EEG signatures to detect loss and recovery of consciousness
General anesthesia is required for most surgical and many nonsurgical procedures, but anesthesiologists do not yet have a reliable way to be certain that a patient given general anesthesia is unconscious. To identify electroencephalogram (EEG) signatures associated with loss and recovery of consciousness, Patrick Purdon et al. (pp. E1142–E1151) recorded high-density EEG in 10 healthy volunteers while administering increasing and decreasing levels of propofol. The volunteers’ level of consciousness was assessed based on their ability to respond to words and click sounds every 4 seconds. The authors identified highly structured EEG signatures associated with different states of unconsciousness and sedation induced by propofol. During profound unconsciousness, the amplitudes of alpha and beta EEG waves were largest at the peaks of low-frequency oscillations, whereas during loss and recovery of consciousness these amplitudes were largest at the troughs of low-frequency oscillations. The transition between these two states could be used to predict when individuals lose and recover consciousness, the authors suggest. The findings provide insights into the mechanisms of propofol-induced unconsciousness and may present a way to precisely monitor the brain states of patients receiving general anesthesia, according to the authors. — S.R.
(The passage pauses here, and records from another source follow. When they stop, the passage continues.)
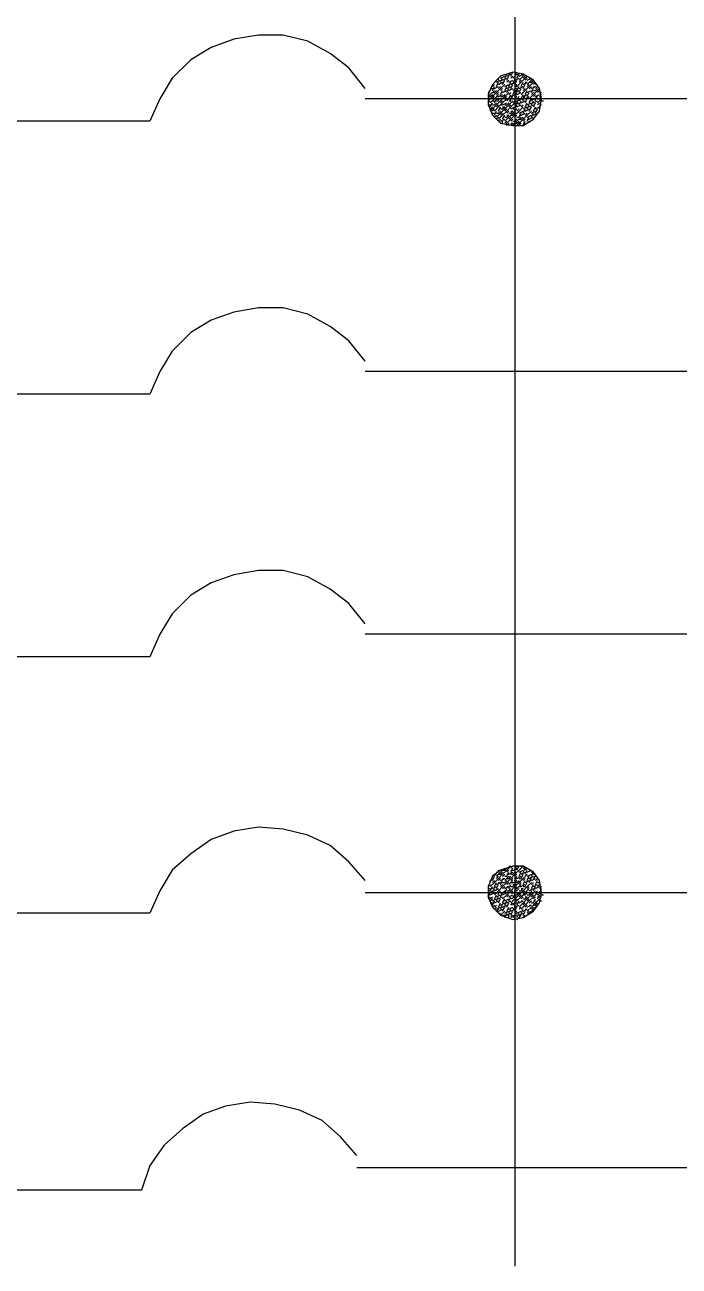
# Model space of a CAD drawing. Header units: metres. Extents: x 0 to 32.6, y 0 to 21.3.
# Drawn here: x 3.442 to 3.763, y 16.858 to 17.468 of the extents above; entities that cross this region are included whole.
import ezdxf

# ---------------------------------------------------------------- set-up
doc = ezdxf.new("R2010")
doc.units = ezdxf.units.M
doc.layers.add('TABLA', color=7, linetype='Continuous')

msp = doc.modelspace()

# ---------------------------------------------------------------- linework, layer by layer
at = {"layer": 'TABLA'}
for p, q in [((3.68234, 18.08087), (3.68234, 16.85831)), ((3.67125, 17.43885), (3.67327, 17.44087)), ((3.67327, 17.43986), (3.67528, 17.44087)), ((3.67327, 17.43785), (3.67427, 17.43986)), ((3.67427, 17.44087), (3.67427, 17.44188)), ((3.67427, 17.43885), (3.67629, 17.43986)), ((3.67528, 17.44188), (3.6773, 17.44289)), ((3.67528, 17.43986), (3.67629, 17.44188)), ((3.67629, 17.44087), (3.67831, 17.44188)), ((3.67629, 17.43885), (3.6773, 17.44087)), ((3.6773, 17.44188), (3.67831, 17.44389)), ((3.67831, 17.44289), (3.68032, 17.44389)), ((3.67831, 17.44087), (3.67931, 17.44289)), ((3.67831, 17.43986), (3.67931, 17.44087)), ((3.67931, 17.44389), (3.68032, 17.44389)), ((3.67931, 17.43986), (3.68133, 17.44087)), ((3.67931, 17.43785), (3.68032, 17.43986)), ((3.68032, 17.44289), (3.68133, 17.4449)), ((3.68032, 17.44188), (3.68133, 17.44289)), ((3.68032, 17.43885), (3.68234, 17.43986)), ((3.68133, 17.44188), (3.68234, 17.44289)), ((3.68133, 17.43986), (3.68234, 17.44087)), ((3.68234, 17.44389), (3.68335, 17.4449)), ((3.68234, 17.44389), (3.68335, 17.44389)), ((3.68234, 17.44087), (3.68234, 17.44188)), ((3.68234, 17.44087), (3.68435, 17.44188)), ((3.68234, 17.43885), (3.68335, 17.44087)), ((3.68335, 17.44188), (3.68435, 17.44389)), ((3.68435, 17.44289), (3.68637, 17.44389)), ((3.68435, 17.43986), (3.68536, 17.44087)), ((3.68536, 17.44389), (3.68637, 17.44389)), ((3.68536, 17.43785), (3.68637, 17.43986)), ((3.68637, 17.44188), (3.68738, 17.44289)), ((3.68637, 17.43885), (3.68839, 17.43986)), ((3.68738, 17.44087), (3.68839, 17.44188)), ((3.68738, 17.43986), (3.68839, 17.43986)), ((3.68839, 17.44087), (3.6904, 17.44188)), ((3.68939, 17.44188), (3.6904, 17.44188)), ((3.68939, 17.43986), (3.6904, 17.43986)), ((3.6904, 17.43986), (3.69141, 17.44087)), ((3.69141, 17.43885), (3.69242, 17.43986)), ((3.66924, 17.43482), (3.67024, 17.43583)), ((3.67024, 17.43684), (3.67125, 17.43684)), ((3.67024, 17.43281), (3.67125, 17.43381)), ((3.67125, 17.43785), (3.67226, 17.43885)), ((3.67125, 17.43583), (3.67226, 17.43785)), ((3.67125, 17.43684), (3.67226, 17.43684)), ((3.67125, 17.43482), (3.67226, 17.43482)), ((3.67226, 17.43684), (3.67427, 17.43785)), ((3.67226, 17.43482), (3.67327, 17.43583)), ((3.67226, 17.4318), (3.67427, 17.43381)), ((3.67327, 17.43381), (3.67427, 17.43482)), ((3.67427, 17.43684), (3.67528, 17.43785)), ((3.67427, 17.43281), (3.67629, 17.43381)), ((3.67528, 17.43583), (3.67629, 17.43684)), ((3.67528, 17.43381), (3.67629, 17.43583)), ((3.67629, 17.43482), (3.67831, 17.43583)), ((3.67629, 17.43281), (3.6773, 17.43381)), ((3.6773, 17.43785), (3.67931, 17.43885)), ((3.6773, 17.43583), (3.67831, 17.43785)), ((3.67831, 17.43684), (3.68032, 17.43785)), ((3.67831, 17.43482), (3.67931, 17.43684)), ((3.67931, 17.43583), (3.68133, 17.43684)), ((3.67931, 17.43381), (3.68032, 17.43482)), ((3.67931, 17.4318), (3.68032, 17.43381)), ((3.68032, 17.43684), (3.68133, 17.43885)), ((3.68032, 17.43281), (3.68234, 17.43381)), ((3.68133, 17.43583), (3.68234, 17.43684)), ((3.68133, 17.43381), (3.68234, 17.43583)), ((3.68234, 17.43885), (3.68335, 17.43885)), ((3.68234, 17.43785), (3.68335, 17.43885)), ((3.68234, 17.43785), (3.68335, 17.43785)), ((3.68234, 17.43684), (3.68335, 17.43684)), ((3.68234, 17.43583), (3.68335, 17.43583)), ((3.68234, 17.43482), (3.68435, 17.43583)), ((3.68234, 17.43281), (3.68335, 17.43482)), ((3.68234, 17.43381), (3.68335, 17.43381)), ((3.68335, 17.43583), (3.68435, 17.43785)), ((3.68335, 17.43381), (3.68536, 17.43482)), ((3.68435, 17.43684), (3.68637, 17.43785)), ((3.68435, 17.43482), (3.68536, 17.43684)), ((3.68536, 17.4318), (3.68637, 17.43381)), ((3.68637, 17.43684), (3.68738, 17.43885)), ((3.68637, 17.43583), (3.68738, 17.43684)), ((3.68637, 17.43281), (3.68839, 17.43381)), ((3.68738, 17.43381), (3.68839, 17.43583)), ((3.68839, 17.43785), (3.68939, 17.43885)), ((3.68839, 17.43482), (3.6904, 17.43583)), ((3.68839, 17.43281), (3.68939, 17.43482)), ((3.68939, 17.43684), (3.6904, 17.43785)), ((3.6904, 17.43684), (3.69242, 17.43785)), ((3.6904, 17.43482), (3.69141, 17.43684)), ((3.6904, 17.43381), (3.69141, 17.43482)), ((3.69141, 17.43785), (3.69242, 17.43785)), ((3.69141, 17.43583), (3.69242, 17.43583)), ((3.69141, 17.43281), (3.69242, 17.43381)), ((3.69242, 17.43885), (3.69342, 17.43885)), ((3.69242, 17.43684), (3.69342, 17.43785)), ((3.69242, 17.43583), (3.69342, 17.43684)), ((3.69242, 17.43281), (3.69443, 17.43381)), ((3.69342, 17.43482), (3.69443, 17.43583)), ((3.69443, 17.43482), (3.69544, 17.43482)), ((3.69443, 17.43281), (3.69544, 17.43381)), ((4.0996, 17.4318), (3.60876, 17.4318)), ((3.66924, 17.43281), (3.67024, 17.43281)), ((3.66924, 17.4318), (3.67024, 17.4318)), ((3.66924, 17.43079), (3.67024, 17.4318)), ((3.66924, 17.42978), (3.67024, 17.43079)), ((3.66924, 17.42877), (3.67024, 17.42877)), ((3.67024, 17.42978), (3.67226, 17.4318)), ((3.67024, 17.42777), (3.67125, 17.42978)), ((3.67024, 17.42676), (3.67125, 17.42777)), ((3.67125, 17.4318), (3.67226, 17.43281)), ((3.67125, 17.4318), (3.67226, 17.4318)), ((3.67125, 17.43079), (3.67226, 17.43079)), ((3.67125, 17.42877), (3.67226, 17.42877)), ((3.67226, 17.42978), (3.67327, 17.4318)), ((3.67226, 17.42877), (3.67327, 17.42978)), ((3.67327, 17.43281), (3.67427, 17.43281)), ((3.67327, 17.4318), (3.67427, 17.4318)), ((3.67327, 17.43079), (3.67427, 17.43079)), ((3.67327, 17.42777), (3.67427, 17.42877)), ((3.67427, 17.43079), (3.67427, 17.4318)), ((3.67427, 17.4318), (3.67528, 17.4318)), ((3.67427, 17.42575), (3.67528, 17.42777)), ((3.67528, 17.43281), (3.67629, 17.43281)), ((3.67528, 17.42978), (3.67629, 17.43079)), ((3.67528, 17.42877), (3.67629, 17.42877)), ((3.67629, 17.42877), (3.67831, 17.42978)), ((3.67629, 17.42777), (3.6773, 17.42777)), ((3.67629, 17.42676), (3.6773, 17.42777)), ((3.6773, 17.4318), (3.67831, 17.43281)), ((3.6773, 17.4318), (3.67831, 17.4318)), ((3.6773, 17.42877), (3.67831, 17.42877)), ((3.67831, 17.4318), (3.67931, 17.4318)), ((3.67831, 17.43079), (3.67931, 17.4318)), ((3.67831, 17.42877), (3.67931, 17.42978)), ((3.67931, 17.4318), (3.68032, 17.4318)), ((3.67931, 17.43079), (3.68032, 17.43079)), ((3.67931, 17.42777), (3.68032, 17.42877)), ((3.68032, 17.4318), (3.68133, 17.43281)), ((3.68032, 17.43079), (3.68032, 17.4318)), ((3.68032, 17.42676), (3.68234, 17.42777)), ((3.68133, 17.42978), (3.68234, 17.43079)), ((3.68234, 17.43281), (3.68335, 17.43281)), ((3.68234, 17.4318), (3.68335, 17.4318)), ((3.68234, 17.43079), (3.68335, 17.43079)), ((3.68234, 17.42978), (3.68335, 17.42978)), ((3.68234, 17.42877), (3.68435, 17.42978)), ((3.68234, 17.42676), (3.68335, 17.42877)), ((3.68335, 17.4318), (3.68435, 17.43281)), ((3.68335, 17.4318), (3.68435, 17.4318)), ((3.68335, 17.42978), (3.68435, 17.4318)), ((3.68335, 17.42777), (3.68536, 17.42877)), ((3.68435, 17.4318), (3.68536, 17.4318)), ((3.68435, 17.43079), (3.68536, 17.4318)), ((3.68435, 17.42877), (3.68536, 17.43079)), ((3.68536, 17.4318), (3.68637, 17.4318)), ((3.68536, 17.42978), (3.68738, 17.43079)), ((3.68536, 17.42777), (3.68637, 17.42877)), ((3.68637, 17.4318), (3.68738, 17.43281)), ((3.68637, 17.43079), (3.68637, 17.4318)), ((3.68637, 17.42676), (3.68839, 17.42777)), ((3.68738, 17.4318), (3.68939, 17.43281)), ((3.68738, 17.4318), (3.68839, 17.4318)), ((3.68738, 17.42978), (3.68839, 17.4318)), ((3.68738, 17.42777), (3.68839, 17.42978)), ((3.68839, 17.42877), (3.6904, 17.42978)), ((3.68839, 17.42676), (3.68939, 17.42877)), ((3.68939, 17.42978), (3.6904, 17.4318)), ((3.68939, 17.42777), (3.69141, 17.42877)), ((3.68939, 17.42575), (3.6904, 17.42777)), ((3.6904, 17.4318), (3.69141, 17.4318)), ((3.6904, 17.43079), (3.69141, 17.4318)), ((3.6904, 17.42877), (3.69141, 17.43079)), ((3.69141, 17.4318), (3.69242, 17.4318)), ((3.69141, 17.42978), (3.69342, 17.43079)), ((3.69141, 17.42777), (3.69242, 17.42978)), ((3.69141, 17.42575), (3.69242, 17.42777)), ((3.69242, 17.4318), (3.69342, 17.43281)), ((3.69242, 17.43079), (3.69242, 17.4318)), ((3.69242, 17.42676), (3.69443, 17.42777)), ((3.69342, 17.4318), (3.69443, 17.4318)), ((3.69342, 17.42978), (3.69544, 17.4318)), ((3.69342, 17.42877), (3.69443, 17.42978)), ((3.69443, 17.4318), (3.69544, 17.43281)), ((3.69443, 17.42877), (3.69544, 17.42877)), ((3.69443, 17.42676), (3.69443, 17.42777)), ((3.69544, 17.43079), (3.69645, 17.43079)), ((3.67125, 17.42575), (3.67226, 17.42676)), ((3.67125, 17.42474), (3.67226, 17.42474)), ((3.67226, 17.42374), (3.67327, 17.42575)), ((3.67226, 17.42273), (3.67327, 17.42374)), ((3.67327, 17.42474), (3.67427, 17.42474)), ((3.67327, 17.42172), (3.67427, 17.42273)), ((3.67427, 17.42474), (3.67528, 17.42575)), ((3.67427, 17.42071), (3.67528, 17.42172)), ((3.67528, 17.42676), (3.67629, 17.42676)), ((3.67528, 17.42374), (3.67629, 17.42474)), ((3.67528, 17.42071), (3.6773, 17.42172)), ((3.67629, 17.42172), (3.6773, 17.42374)), ((3.6773, 17.42575), (3.67831, 17.42676)), ((3.6773, 17.42273), (3.67831, 17.42273)), ((3.67831, 17.42474), (3.67931, 17.42575)), ((3.67831, 17.42374), (3.67931, 17.42374)), ((3.67831, 17.42273), (3.67931, 17.42374)), ((3.67931, 17.42474), (3.68032, 17.42474)), ((3.67931, 17.42172), (3.68032, 17.42273)), ((3.68032, 17.42575), (3.68133, 17.42575)), ((3.68032, 17.42474), (3.68133, 17.42575)), ((3.68032, 17.42374), (3.68133, 17.42374)), ((3.68032, 17.42071), (3.68133, 17.42172)), ((3.68133, 17.42676), (3.68234, 17.42676)), ((3.68133, 17.42374), (3.68234, 17.42474)), ((3.68234, 17.42676), (3.68335, 17.42676)), ((3.68234, 17.42575), (3.68335, 17.42676)), ((3.68234, 17.42474), (3.68335, 17.42474)), ((3.68234, 17.42273), (3.68335, 17.42374)), ((3.68234, 17.42172), (3.68335, 17.42172)), ((3.68234, 17.42071), (3.68335, 17.42172)), ((3.68335, 17.42575), (3.68435, 17.42676)), ((3.68335, 17.42273), (3.68435, 17.42273)), ((3.68435, 17.42474), (3.68637, 17.42575)), ((3.68435, 17.42273), (3.68536, 17.42474)), ((3.68435, 17.42374), (3.68536, 17.42374)), ((3.68435, 17.42172), (3.68536, 17.42172)), ((3.68536, 17.42374), (3.68738, 17.42474)), ((3.68536, 17.42172), (3.68637, 17.42273)), ((3.68637, 17.42474), (3.68738, 17.42676)), ((3.68637, 17.42071), (3.68738, 17.42172)), ((3.68738, 17.42575), (3.68939, 17.42676)), ((3.68738, 17.42374), (3.68839, 17.42474)), ((3.68839, 17.42273), (3.6904, 17.42374)), ((3.68839, 17.42071), (3.68939, 17.42273)), ((3.68839, 17.42172), (3.68939, 17.42172)), ((3.68939, 17.42172), (3.69141, 17.42273)), ((3.6904, 17.42474), (3.69242, 17.42575)), ((3.6904, 17.42273), (3.69141, 17.42474)), ((3.69141, 17.42374), (3.69342, 17.42474)), ((3.69242, 17.42474), (3.69342, 17.42676)), ((3.50293, 17.42071), (3.41626, 17.42071)), ((3.67629, 17.4197), (3.67629, 17.42071)), ((3.6773, 17.4197), (3.67831, 17.42071)), ((3.67931, 17.4187), (3.67931, 17.4197)), ((3.68032, 17.4197), (3.68133, 17.4197)), ((3.68032, 17.4187), (3.68133, 17.4197)), ((3.68133, 17.42071), (3.68234, 17.42071)), ((3.68133, 17.4187), (3.68234, 17.4197)), ((3.68234, 17.42071), (3.68335, 17.42071)), ((3.68234, 17.4197), (3.68335, 17.4197)), ((3.68234, 17.4187), (3.68335, 17.4187)), ((3.68335, 17.4197), (3.68435, 17.42071)), ((3.68435, 17.4187), (3.68536, 17.4197)), ((3.68637, 17.4187), (3.68738, 17.42071)), ((3.68637, 17.4197), (3.68738, 17.4197)), ((3.68839, 17.4197), (3.68939, 17.42071)), ((4.0996, 17.29775), (3.60876, 17.29775)), ((3.50293, 17.28666), (3.41626, 17.28666)), ((4.0996, 17.16874), (3.60876, 17.16874)), ((3.50293, 17.15765), (3.41626, 17.15765)), ((3.67125, 17.04981), (3.67327, 17.05082)), ((3.67125, 17.0478), (3.67226, 17.04981)), ((3.67327, 17.05183), (3.67427, 17.05183)), ((3.67327, 17.0488), (3.67427, 17.04981)), ((3.67427, 17.05183), (3.67427, 17.05283)), ((3.67427, 17.05082), (3.67528, 17.05082)), ((3.67528, 17.05082), (3.67629, 17.05183)), ((3.67629, 17.05283), (3.6773, 17.05283)), ((3.67629, 17.04981), (3.6773, 17.05082)), ((3.6773, 17.05283), (3.67831, 17.05384)), ((3.6773, 17.04981), (3.67831, 17.04981)), ((3.6773, 17.0478), (3.67931, 17.04981)), ((3.67831, 17.05183), (3.67931, 17.05283)), ((3.67831, 17.04981), (3.67931, 17.05183)), ((3.67831, 17.05082), (3.67931, 17.05082)), ((3.67931, 17.05485), (3.68032, 17.05485)), ((3.67931, 17.05082), (3.68133, 17.05183)), ((3.67931, 17.0488), (3.68032, 17.04981)), ((3.68032, 17.05384), (3.68133, 17.05485)), ((3.68032, 17.05183), (3.68133, 17.05384)), ((3.68032, 17.05283), (3.68133, 17.05283)), ((3.68032, 17.05082), (3.68133, 17.05082)), ((3.68133, 17.05283), (3.68234, 17.05283)), ((3.68133, 17.05082), (3.68234, 17.05183)), ((3.68234, 17.05384), (3.68335, 17.05485)), ((3.68234, 17.05384), (3.68335, 17.05384)), ((3.68234, 17.05283), (3.68335, 17.05384)), ((3.68234, 17.05183), (3.68335, 17.05183)), ((3.68234, 17.04981), (3.68335, 17.05082)), ((3.68234, 17.0478), (3.68335, 17.04981)), ((3.68335, 17.05485), (3.68435, 17.05485)), ((3.68335, 17.05283), (3.68435, 17.05485)), ((3.68335, 17.0488), (3.68536, 17.04981)), ((3.68435, 17.05183), (3.68637, 17.05283)), ((3.68435, 17.04981), (3.68536, 17.05183)), ((3.68536, 17.05485), (3.68637, 17.05485)), ((3.68536, 17.05082), (3.68738, 17.05183)), ((3.68536, 17.0488), (3.68637, 17.05082)), ((3.68637, 17.05384), (3.68738, 17.05384)), ((3.68637, 17.05183), (3.68738, 17.05384)), ((3.68738, 17.05283), (3.68839, 17.05384)), ((3.68738, 17.05082), (3.68839, 17.05283)), ((3.68839, 17.05183), (3.6904, 17.05283)), ((3.68839, 17.04981), (3.6904, 17.05082)), ((3.68839, 17.0478), (3.68939, 17.04981)), ((3.68939, 17.05283), (3.6904, 17.05283)), ((3.68939, 17.0488), (3.69141, 17.04981)), ((3.6904, 17.05183), (3.69141, 17.05183)), ((3.6904, 17.04981), (3.69141, 17.05183)), ((3.69141, 17.05082), (3.69242, 17.05082)), ((3.69141, 17.0488), (3.69242, 17.04981)), ((3.66924, 17.04477), (3.67024, 17.04578)), ((3.66924, 17.04376), (3.67024, 17.04376)), ((3.67024, 17.04679), (3.67024, 17.0478)), ((3.67024, 17.04276), (3.67125, 17.04477)), ((3.67125, 17.04679), (3.67226, 17.0478)), ((3.67125, 17.04376), (3.67327, 17.04477)), ((3.67125, 17.04175), (3.67226, 17.04376)), ((3.67226, 17.04477), (3.67327, 17.04679)), ((3.67226, 17.04276), (3.67427, 17.04376)), ((3.67327, 17.04578), (3.67528, 17.04679)), ((3.67327, 17.04376), (3.67427, 17.04578)), ((3.67427, 17.0478), (3.67528, 17.0488)), ((3.67427, 17.04679), (3.67528, 17.04679)), ((3.67528, 17.0478), (3.6773, 17.0488)), ((3.67528, 17.04578), (3.67629, 17.0478)), ((3.67528, 17.04477), (3.67629, 17.04578)), ((3.67629, 17.0488), (3.6773, 17.0488)), ((3.67629, 17.04679), (3.6773, 17.04679)), ((3.67629, 17.04376), (3.6773, 17.04477)), ((3.6773, 17.04679), (3.67831, 17.0478)), ((3.6773, 17.04376), (3.67931, 17.04477)), ((3.6773, 17.04175), (3.67831, 17.04376)), ((3.67831, 17.0488), (3.67931, 17.0488)), ((3.67831, 17.04578), (3.67931, 17.04679)), ((3.67831, 17.04477), (3.67931, 17.04477)), ((3.67931, 17.04578), (3.68133, 17.0478)), ((3.67931, 17.04376), (3.68032, 17.04578)), ((3.67931, 17.04276), (3.68032, 17.04376)), ((3.68032, 17.0478), (3.68133, 17.0488)), ((3.68032, 17.04679), (3.68133, 17.04679)), ((3.68032, 17.04477), (3.68133, 17.04477)), ((3.68133, 17.04679), (3.68234, 17.04679)), ((3.68133, 17.04578), (3.68234, 17.04578)), ((3.68133, 17.04477), (3.68234, 17.04578)), ((3.68234, 17.0488), (3.68335, 17.0488)), ((3.68234, 17.0478), (3.68335, 17.0478)), ((3.68234, 17.04679), (3.68335, 17.0478)), ((3.68234, 17.04679), (3.68335, 17.04679)), ((3.68234, 17.04578), (3.68335, 17.04578)), ((3.68234, 17.04376), (3.68335, 17.04477)), ((3.68234, 17.04376), (3.68335, 17.04376)), ((3.68335, 17.04679), (3.68435, 17.0478)), ((3.68335, 17.04276), (3.68435, 17.04376)), ((3.68435, 17.0488), (3.68536, 17.0488)), ((3.68435, 17.04578), (3.68536, 17.04679)), ((3.68435, 17.04477), (3.68536, 17.04477)), ((3.68536, 17.04477), (3.68738, 17.04578)), ((3.68536, 17.04376), (3.68637, 17.04376)), ((3.68536, 17.04276), (3.68637, 17.04376)), ((3.68637, 17.0478), (3.68738, 17.0488)), ((3.68637, 17.04578), (3.68738, 17.0478)), ((3.68637, 17.04477), (3.68738, 17.04477)), ((3.68738, 17.04679), (3.68939, 17.0478)), ((3.68738, 17.04477), (3.68839, 17.04679)), ((3.68738, 17.04175), (3.68939, 17.04376)), ((3.68839, 17.04376), (3.68939, 17.04477)), ((3.68939, 17.04679), (3.6904, 17.0488)), ((3.68939, 17.04276), (3.69141, 17.04376)), ((3.6904, 17.0478), (3.69242, 17.0488)), ((3.6904, 17.04578), (3.69141, 17.04679)), ((3.6904, 17.04376), (3.69141, 17.04578)), ((3.69141, 17.04477), (3.69342, 17.04578)), ((3.69141, 17.04276), (3.69242, 17.04477)), ((3.69242, 17.0478), (3.69342, 17.0488)), ((3.69242, 17.04578), (3.69342, 17.0478)), ((3.69242, 17.04376), (3.69443, 17.04477)), ((3.69342, 17.04679), (3.69443, 17.04679)), ((3.69342, 17.04477), (3.69443, 17.04578)), ((3.69443, 17.04376), (3.69544, 17.04477)), ((3.69443, 17.04175), (3.69544, 17.04376)), ((4.0996, 17.04175), (3.60876, 17.04175)), ((3.66924, 17.04276), (3.67024, 17.04276)), ((3.66924, 17.04175), (3.67024, 17.04175)), ((3.66924, 17.03973), (3.67024, 17.04175)), ((3.66924, 17.03872), (3.67024, 17.03973)), ((3.67024, 17.04175), (3.67125, 17.04276)), ((3.67024, 17.04074), (3.67226, 17.04175)), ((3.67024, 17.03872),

Molecular signatures of sleep deficiency
Sleep deficiency can lead to a host of health conditions including obesity, heart disease, and cognitive impairment, but the molecular mechanisms linking sleep to health remain largely elusive. Carla Möller-Levet et al. (pp. E1132–E1141) explored how inadequate sleep alters gene expression in human blood. The authors studied 26 volunteers who were allowed to sleep less than 6 hours, or as long as 10 hours, every night for 1 week. After each week, the volunteers stayed awake for about 40 hours and provided blood samples during this time. Analysis of RNA from the samples revealed the effects of insufficient sleep on the expression of 711 genes and numerous biological processes including metabolism, inflammation, immunity, and various cell stress responses. Furthermore, inadequate sleep reduced the number of genes that normally peak and wane in expression throughout the day from 1,855 to 1,481, and reduced the amplitude of expression for the remaining genes. The authors found that the number of genes affected by total sleep deprivation was seven times higher after a week of insufficient, compared with sufficient, sleep. According to the authors, the findings reveal the effects of sleep deficiency on gene expression in human blood and how sleep could influence human health. — A.G.